Justinian soon made it clear to the Pope that the reinvasion of Italy was not negotiable, and it is doubtful if Agapitus tried very hard to dissuade him. On the theological front, however, the Pope swept all before him. Justinian’s forceful wife Theodora was an ex-actress with a lurid sexual reputation for wearing out relays of athletic young
courtiers. She was also a devout monophysite, who kept a monastery of heretical monks in the imperial palace. Theodora exercised enormous influence over Justinian, and had secured the appointment of a monophysite, Anthimous, as patriarch of Constantinople. Pope Agapitus determined to have nothing to do with this man, refusing to hold communion with him, and, when threatened by the angry Emperor for his truculence, he was unintimidated. He had long wanted to meet the devout Justinian, he declared: instead, he seemed to stand before the pagan persecutor Diocletian. He demanded a public debate with the Patriarch, at which he had little difficulty in demonstrating Anthimous’ suspect opinions. Overawed, Justinian ‘abased himself before the apostolic see, prostrating himself before the blessed Pope Agapitus’. He agreed to the deposition and exile of the Patriarch, and invited the Pope to consecrate an orthodox replacement, who testified his faith by signing an expanded version of the formula of Pope Hormisdas. The Patriarch of Constantinople bowed to the superior doctrinal purity of the Pope of Rome.

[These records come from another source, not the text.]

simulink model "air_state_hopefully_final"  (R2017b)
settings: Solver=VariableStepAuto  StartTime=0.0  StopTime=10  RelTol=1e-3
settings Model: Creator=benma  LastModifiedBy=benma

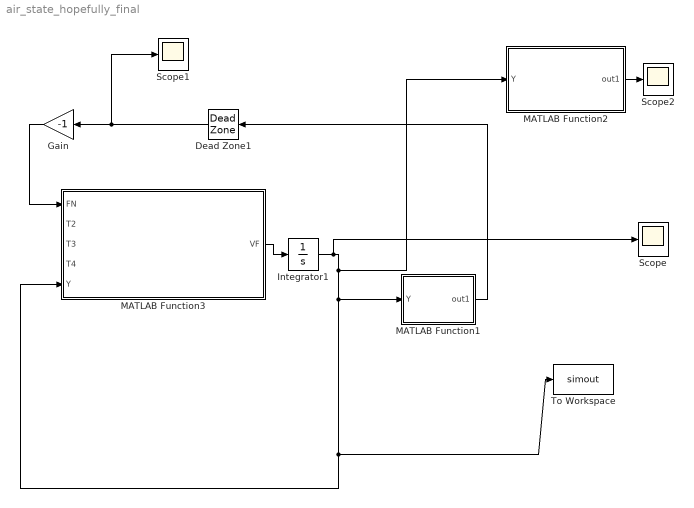
== system air_state_hopefully_final ==
  Dead Zone1 : DeadZone  LowerValue=-inf  UpperValue=0  SaturateOnIntegerOverflow=on
  Gain : Gain  Gain=-1
  Integrator1 : Integrator  InitialCondition=[130 270 80 330 0 0 0 0 0 0]*pi/180  ZeroCross=off
  MATLAB Function1 : MATLAB Function  TreatAsAtomicUnit=on
  MATLAB Function2 : MATLAB Function  TreatAsAtomicUnit=on
  MATLAB Function3 : MATLAB Function  TreatAsAtomicUnit=on
  Scope : Scope
  Scope1 : Scope
  Scope2 : Scope
  To Workspace : ToWorkspace  VariableName=simout  SaveFormat=Timeseries  SampleTime=-1
  wires:
  MATLAB Function2/1(out1) -> Scope2/1
  MATLAB Function3/1(VF) -> Integrator1/1
  Integrator1/1 -> Scope/1, MATLAB Function2/1(Y), MATLAB Function1/1(Y), To Workspace/1, MATLAB Function3/5(Y)
  MATLAB Function1/1(out1) -> Dead Zone1/1
  Dead Zone1/1 -> Scope1/1, Gain/1
  Gain/1 -> MATLAB Function3/1(FN)

== matlab function air_state_hopefully_final/MATLAB Function1 ==
  data: Y input; out1 output
function out1 = ground_force(Y)
%GROUND_FORCE
%    OUT1 = GROUND_FORCE(Y)

%    This function was generated by the Symbolic Math Toolbox version 8.0.
%    22-Oct-2018 11:02:05

if Y(5)<=0
    out1 = -100000*Y(5) - 100*Y(10);
else
    out1 = 0;

% t2 = Y(7);
% t3 = Y(1);
% t4 = Y(2);
% t5 = Y(6);
% t6 = Y(3);
% t7 = Y(8);
% t8 = Y(4);
% t9 = t3+t4+t6+t8;
% t10 = sin(t9);
% t11 = Y(9);
% t12 = t2+t5+t7+t11;
% t13 = t10.*t12.*(1.0./2.0);
% t14 = t3+t4;
% t15 = sin(t14);
% t16 = t2+t5;
% t17 = t15.*t16.*(5.0./2.0);
% t18 = t3+t4+t6; 
% t19 = sin(t18);
% t20 = t2+t5+t7;
% t21 = t19.*t20.*(3.0./2.0);
% out1 = -t7.*(t13+t21)-t5.*(t13+t17+t21+t5.*sin(t3).*(7.0./2.0))-t2.*(t13+t17+t21)-t10.*t11.*t12.*(1.0./2.0)+9.81e2./2.5e1;
end

== matlab function air_state_hopefully_final/MATLAB Function2 ==
  data: Y input; out1 output
function out1 = center_of_mass_state(Y)
%CENTER_OF_MASS_STATE
%    OUT1 = CENTER_OF_MASS_STATE(Y)

%    This function was generated by the Symbolic Math Toolbox version 8.0.
%    22-Oct-2018 12:19:55

t2 = Y(1);
t3 = Y(2);
t4 = Y(3);
t5 = t2+t3;
t6 = Y(4);
t7 = t2+t3+t4+t6;
t8 = t2+t3+t4;
t9 = sin(t2);
t10 = sin(t7);
t11 = Y(6);
t12 = sin(t5);
t13 = Y(7);
t14 = sin(t8);
t15 = Y(8);
t16 = cos(t2);
t17 = cos(t7);
t18 = Y(9);
t19 = t11+t13+t15+t18;
t20 = cos(t5);
t21 = t11+t13;
t22 = cos(t8);
t23 = t11+t13+t15;
out1 = [t16.*(7.0./8.0)+t17.*(1.0./8.0)+t20.*(5.0./8.0)+t22.*(3.0./8.0);t9.*(7.0./8.0)+t10.*(1.0./8.0)+t12.*(5.0./8.0)+t14.*(3.0./8.0)+Y(5);t9.*t11.*(-7.0./8.0)-t10.*t19.*(1.0./8.0)-t12.*t21.*(5.0./8.0)-t14.*t23.*(3.0./8.0);t11.*t16.*(7.0./8.0)+t17.*t19.*(1.0./8.0)+t20.*t21.*(5.0./8.0)+t22.*t23.*(3.0./8.0)+Y(10)];

== matlab function air_state_hopefully_final/MATLAB Function3 ==
  data: FN input; T2 input; VF output; T3 input; T4 input; Y input
function VF = Air_with_force(FN,T2,T3,T4,Y)
%AIR_WITH_FORCE
%    VF = AIR_WITH_FORCE(FN,T2,T3,T4,Y)

%    This function was generated by the Symbolic Math Toolbox version 8.0.
%    27-Oct-2018 21:34:20

t2 = Y(1);
t3 = t2.*2.0;
t4 = Y(2);
t5 = t4.*2.0;
t6 = Y(4);
t7 = Y(3);
t8 = t7.*2.0;
t9 = t6.*2.0;
t10 = Y(6);
t11 = t10.^2;
t12 = t3+t4+t7+t9;
t13 = cos(t12);
t14 = t3+t4;
t15 = sin(t14);
t16 = Y(7);
t17 = t4-t7;
t18 = sin(t17);
t19 = t16.^2;
t20 = Y(8);
t21 = t4+t8;
t22 = sin(t21);
t23 = t4-t9;
t24 = sin(t23);
t25 = t4+t9;
t26 = sin(t25);
t27 = cos(t8);
t28 = cos(t9);
t29 = t3+t4-t7;
t30 = sin(t29);
t31 = t20.^2;
t32 = t3+t4+t8;
t33 = sin(t32);
t34 = t3+t4-t9;
t35 = sin(t34);
t36 = t3+t4+t9;
t37 = sin(t36);
t38 = -t4+t7+t9;
t39 = sin(t38);
t40 = t4+t8+t9;
t41 = sin(t40);
t42 = cos(t14);
t43 = cos(t21);
t44 = cos(t17);
t45 = cos(t23);
t46 = cos(t25);
t47 = t3+t4-t6-t7;
t48 = sin(t47);
t49 = t3+t4-t7-t9;
t50 = sin(t49);
t51 = Y(9);
t52 = t3+t4+t8+t9;
t53 = sin(t52);
t54 = cos(t32);
t55 = cos(t29);
t56 = cos(t34);
t57 = cos(t36);
t58 = cos(t40);
t59 = cos(t38);
t60 = cos(t52);
t61 = cos(t49);
t62 = t3-t8;
t63 = t3+t8;
t64 = t3-t9;
t65 = t3+t9;
t66 = t5+t8;
t67 = t5-t9;
t68 = t5+t9;
t69 = t3+t4+t6+t7;
t70 = sin(t69);
t71 = t51.^2;
t72 = -t3+t8+t9;
t73 = t3+t8+t9;
t74 = t5+t8+t9;
t75 = sin(t4);
t76 = t3+t5;
t77 = cos(t76);
t78 = t8+t9;
t79 = cos(t78);
t80 = t4+t7;
t81 = sin(t80);
t82 = t3+t5+t8;
t83 = cos(t82);
t84 = t3+t5+t9;
t85 = cos(t84);
t86 = cos(t4);
t87 = t3+t4+t7;
t88 = sin(t87);
t89 = -t4+t6+t7;
t90 = sin(t89);
t91 = t4+t6-t7;
t92 = sin(t91);
t93 = t4-t6+t7;
t94 = sin(t93);
t95 = t4+t7+t9;
t96 = sin(t95);
t97 = t3+t5+t8+t9;
t98 = cos(t97);
t99 = cos(t80);
t100 = t3+t4+t6-t7;
t101 = t3+t4-t6+t7;
t102 = sin(t100);
t103 = sin(t101);
t104 = sin(t12);
t105 = cos(t87);
t106 = cos(t95);
t107 = t3+t5-t9;
t108 = cos(t107);
t109 = cos(t72);
t110 = cos(t73);
t111 = cos(t74);
t112 = t98.*3.0;
t113 = cos(t3);
t114 = cos(t5);
t115 = t77.*2.19e2;
t116 = cos(t62);
t117 = t116.*2.43e2;
t118 = cos(t63);
t119 = t118.*2.43e2;
t120 = cos(t64);
t121 = t120.*2.16e2;
t122 = cos(t65);
t123 = t122.*2.16e2;
t124 = cos(t66);
t125 = t124.*8.1e1;
t126 = cos(t67);
t127 = t126.*8.1e1;
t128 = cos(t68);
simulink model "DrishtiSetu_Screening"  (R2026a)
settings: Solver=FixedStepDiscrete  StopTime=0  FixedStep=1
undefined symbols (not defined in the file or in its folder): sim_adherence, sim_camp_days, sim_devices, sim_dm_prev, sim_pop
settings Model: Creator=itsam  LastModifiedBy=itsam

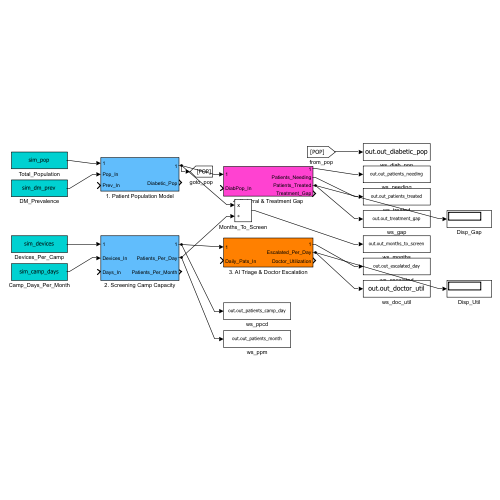
[thumbnail: Simulink's stored preview of the top-level diagram]
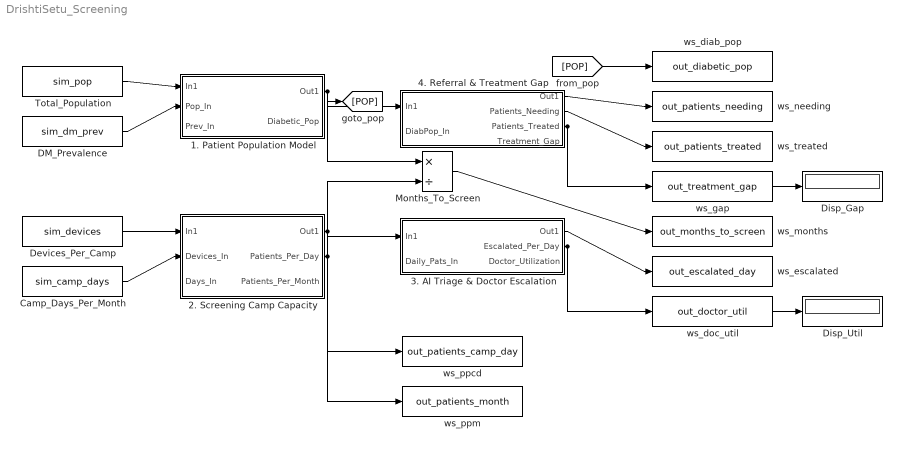
== system DrishtiSetu_Screening ==
  1. Patient Population Model : Subsystem
  2. Screening Camp Capacity : Subsystem
  3. AI Triage & Doctor Escalation : Subsystem
  4. Referral & Treatment Gap : Subsystem
  Camp_Days_Per_Month : Constant  Value=sim_camp_days
  DM_Prevalence : Constant  Value=sim_dm_prev
  Devices_Per_Camp : Constant  Value=sim_devices
  Disp_Gap : Display
  Disp_Util : Display
  Months_To_Screen : Product  Inputs=*/
  Total_Population : Constant  Value=sim_pop
  ws_diab_pop : ToWorkspace  VariableName=out_diabetic_pop  SaveFormat=Timeseries  SampleTime=-1
  ws_doc_util : ToWorkspace  VariableName=out_doctor_util  SaveFormat=Timeseries  SampleTime=-1
  ws_escalated : ToWorkspace  VariableName=out_escalated_day  SaveFormat=Timeseries  SampleTime=-1
  ws_gap : ToWorkspace  VariableName=out_treatment_gap  SaveFormat=Timeseries  SampleTime=-1
  ws_months : ToWorkspace  VariableName=out_months_to_screen  SaveFormat=Timeseries  SampleTime=-1
  ws_needing : ToWorkspace  VariableName=out_patients_needing  SaveFormat=Timeseries  SampleTime=-1
  ws_ppcd : ToWorkspace  VariableName=out_patients_camp_day  SaveFormat=Timeseries  SampleTime=-1
  ws_ppm : ToWorkspace  VariableName=out_patients_month  SaveFormat=Timeseries  SampleTime=-1
  ws_treated : ToWorkspace  VariableName=out_patients_treated  SaveFormat=Timeseries  SampleTime=-1
  wires:
  Total_Population/1 -> 1. Patient Population Model/1(In1)
  DM_Prevalence/1 -> 1. Patient Population Model/2(Pop_In)
  Devices_Per_Camp/1 -> 2. Screening Camp Capacity/1(In1)
  Camp_Days_Per_Month/1 -> 2. Screening Camp Capacity/2(Devices_In)
  2. Screening Camp Capacity/1(Out1) -> 3. AI Triage & Doctor Escalation/1(In1), ws_ppcd/1
  1. Patient Population Model/1(Out1) -> 4. Referral & Treatment Gap/1(In1), Months_To_Screen/1, [POP]
  2. Screening Camp Capacity/2(Patients_Per_Day) -> Months_To_Screen/2, ws_ppm/1
  [POP] -> ws_diab_pop/1
  4. Referral & Treatment Gap/1(Out1) -> ws_needing/1
  4. Referral & Treatment Gap/2(Patients_Needing) -> ws_treated/1
  4. Referral & Treatment Gap/3(Patients_Treated) -> ws_gap/1, Disp_Gap/1
  Months_To_Screen/1 -> ws_months/1
  3. AI Triage & Doctor Escalation/1(Out1) -> ws_escalated/1
  3. AI Triage & Doctor Escalation/2(Escalated_Per_Day) -> ws_doc_util/1, Disp_Util/1

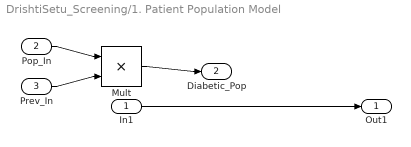
== system DrishtiSetu_Screening/1. Patient Population Model ==
  In1 : Inport
  Pop_In : Inport  Port=2
  Prev_In : Inport  Port=3
  Mult : Product
  Out1 : Outport
  Diabetic_Pop : Outport  Port=2
  wires:
  In1/1 -> Out1/1
  Pop_In/1 -> Mult/1
  Prev_In/1 -> Mult/2
  Mult/1 -> Diabetic_Pop/1

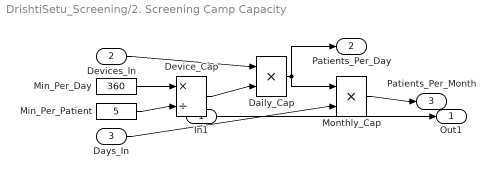
== system DrishtiSetu_Screening/2. Screening Camp Capacity ==
  In1 : Inport
  Devices_In : Inport  Port=2
  Days_In : Inport  Port=3
  Daily_Cap : Product
  Device_Cap : Product  Inputs=*/
  Min_Per_Day : Constant  Value=360
  Min_Per_Patient : Constant  Value=5
  Monthly_Cap : Product
  Out1 : Outport
  Patients_Per_Day : Outport  Port=2
  Patients_Per_Month : Outport  Port=3
  wires:
  In1/1 -> Out1/1
  Min_Per_Day/1 -> Device_Cap/1
  Min_Per_Patient/1 -> Device_Cap/2
  Devices_In/1 -> Daily_Cap/1
  Device_Cap/1 -> Daily_Cap/2
  Daily_Cap/1 -> Monthly_Cap/1, Patients_Per_Day/1
  Days_In/1 -> Monthly_Cap/2
  Monthly_Cap/1 -> Patients_Per_Month/1

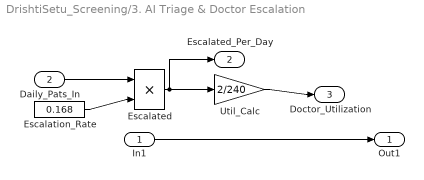
== system DrishtiSetu_Screening/3. AI Triage & Doctor Escalation ==
  In1 : Inport
  Daily_Pats_In : Inport  Port=2
  Escalated : Product
  Escalation_Rate : Constant  Value=0.168
  Util_Calc : Gain  Gain=2/240
  Out1 : Outport
  Escalated_Per_Day : Outport  Port=2
  Doctor_Utilization : Outport  Port=3
  wires:
  In1/1 -> Out1/1
  Daily_Pats_In/1 -> Escalated/1
  Escalation_Rate/1 -> Escalated/2
  Escalated/1 -> Util_Calc/1, Escalated_Per_Day/1
  Util_Calc/1 -> Doctor_Utilization/1

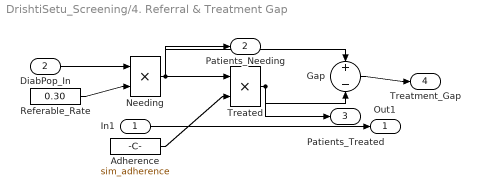
== system DrishtiSetu_Screening/4. Referral & Treatment Gap ==
  In1 : Inport
  DiabPop_In : Inport  Port=2
  Adherence : Constant  Value=sim_adherence
  Gap : Sum  Inputs=+-
  Needing : Product
  Referable_Rate : Constant  Value=0.30
  Treated : Product
  Out1 : Outport
  Patients_Needing : Outport  Port=2
  Patients_Treated : Outport  Port=3
  Treatment_Gap : Outport  Port=4
  wires:
  In1/1 -> Out1/1
  DiabPop_In/1 -> Needing/1
  Referable_Rate/1 -> Needing/2
  Needing/1 -> Patients_Needing/1, Treated/1, Gap/1
  Adherence/1 -> Treated/2
  Treated/1 -> Patients_Treated/1, Gap/2
  Gap/1 -> Treatment_Gap/1

Agapitus, however, did not survive long to enjoy his triumph. Six weeks into his visit to Constantinople he sickened and died: his body, wrapped in lead, was taken back to Rome for burial. But his mission to the imperial capital had demonstrated once again Rome’s unflinching defence of orthodoxy, and, in the reverence of the Emperor and the papal consecration of a new patriarch, the Pope’s primacy over the whole Church, East and West.

The suddeness of Pope Agapitus’ death threatened to undo all these gains. Vigilius, the papal Apocrisiary (ambassador) in Constantinople, was an aristocrat whose father and brother were consuls. Consumed with ambition, he had lost no time in ingratiating himself with the real power in the court of Constantinople, the Empress Theodora. Posing as a monophysite sympathiser, he won her support for his candidacy for the papacy. In return, he promised to reinstate the banished monophysite Patriarch Anthimous, and even to repudiate altogether the teaching of the Council of Chalcedon. Laden with bags of Theodora’s money for bribes, he raced Pope Agapitus’ body to Rome. But he was too late. The Gothic King Theodahad had pre-empted any imperial candidate by forcing through the appointment of Pope Hormisdas’ son, Silverius (536–7). The papacy seemed to have slipped through Vigilius’ fingers.

Vigilius, however, was not a man to be trifled with. In December
536 the imperial General Belisarius ‘liberated’ Rome on Justinian’s behalf, and established himself on the Palatine as governor. His wife Antonina was Theodora’s closest friend and confidante, and together she and Vigilius persuaded Belisarius to arrest Pope Silverius, on a trumped up charge of plotting to open the gates of Rome to the Gothic army. Demoted to the status of a monk, the Pope was banished to an obscure town in Anatolia, and the see was declared vacant. The clergy now obediently elected Vigilius (537–55) as pope.

Worse was to follow. The bishop of the town in Anatolia to which Pope Silverius had been deported took up his cause. He secured an audience with Justinian and impressed on him the enormity of what had been done. There were any number of earthly kings, he pointed out, but only one pope. Rattled, Justinian had Silverius returned to Rome for a fair trial, to be reinstated if found innocent. Vigilius, however, now firmly in charge, was having none of this. The wretched Silverius was arrested again as soon as he arrived, and bundled off to a second exile on the island of Palmaria. There, a few months later, he died of malnutrition. To all intents and purposes, one pope, and he the son of a pope, had been deposed and murdered by another.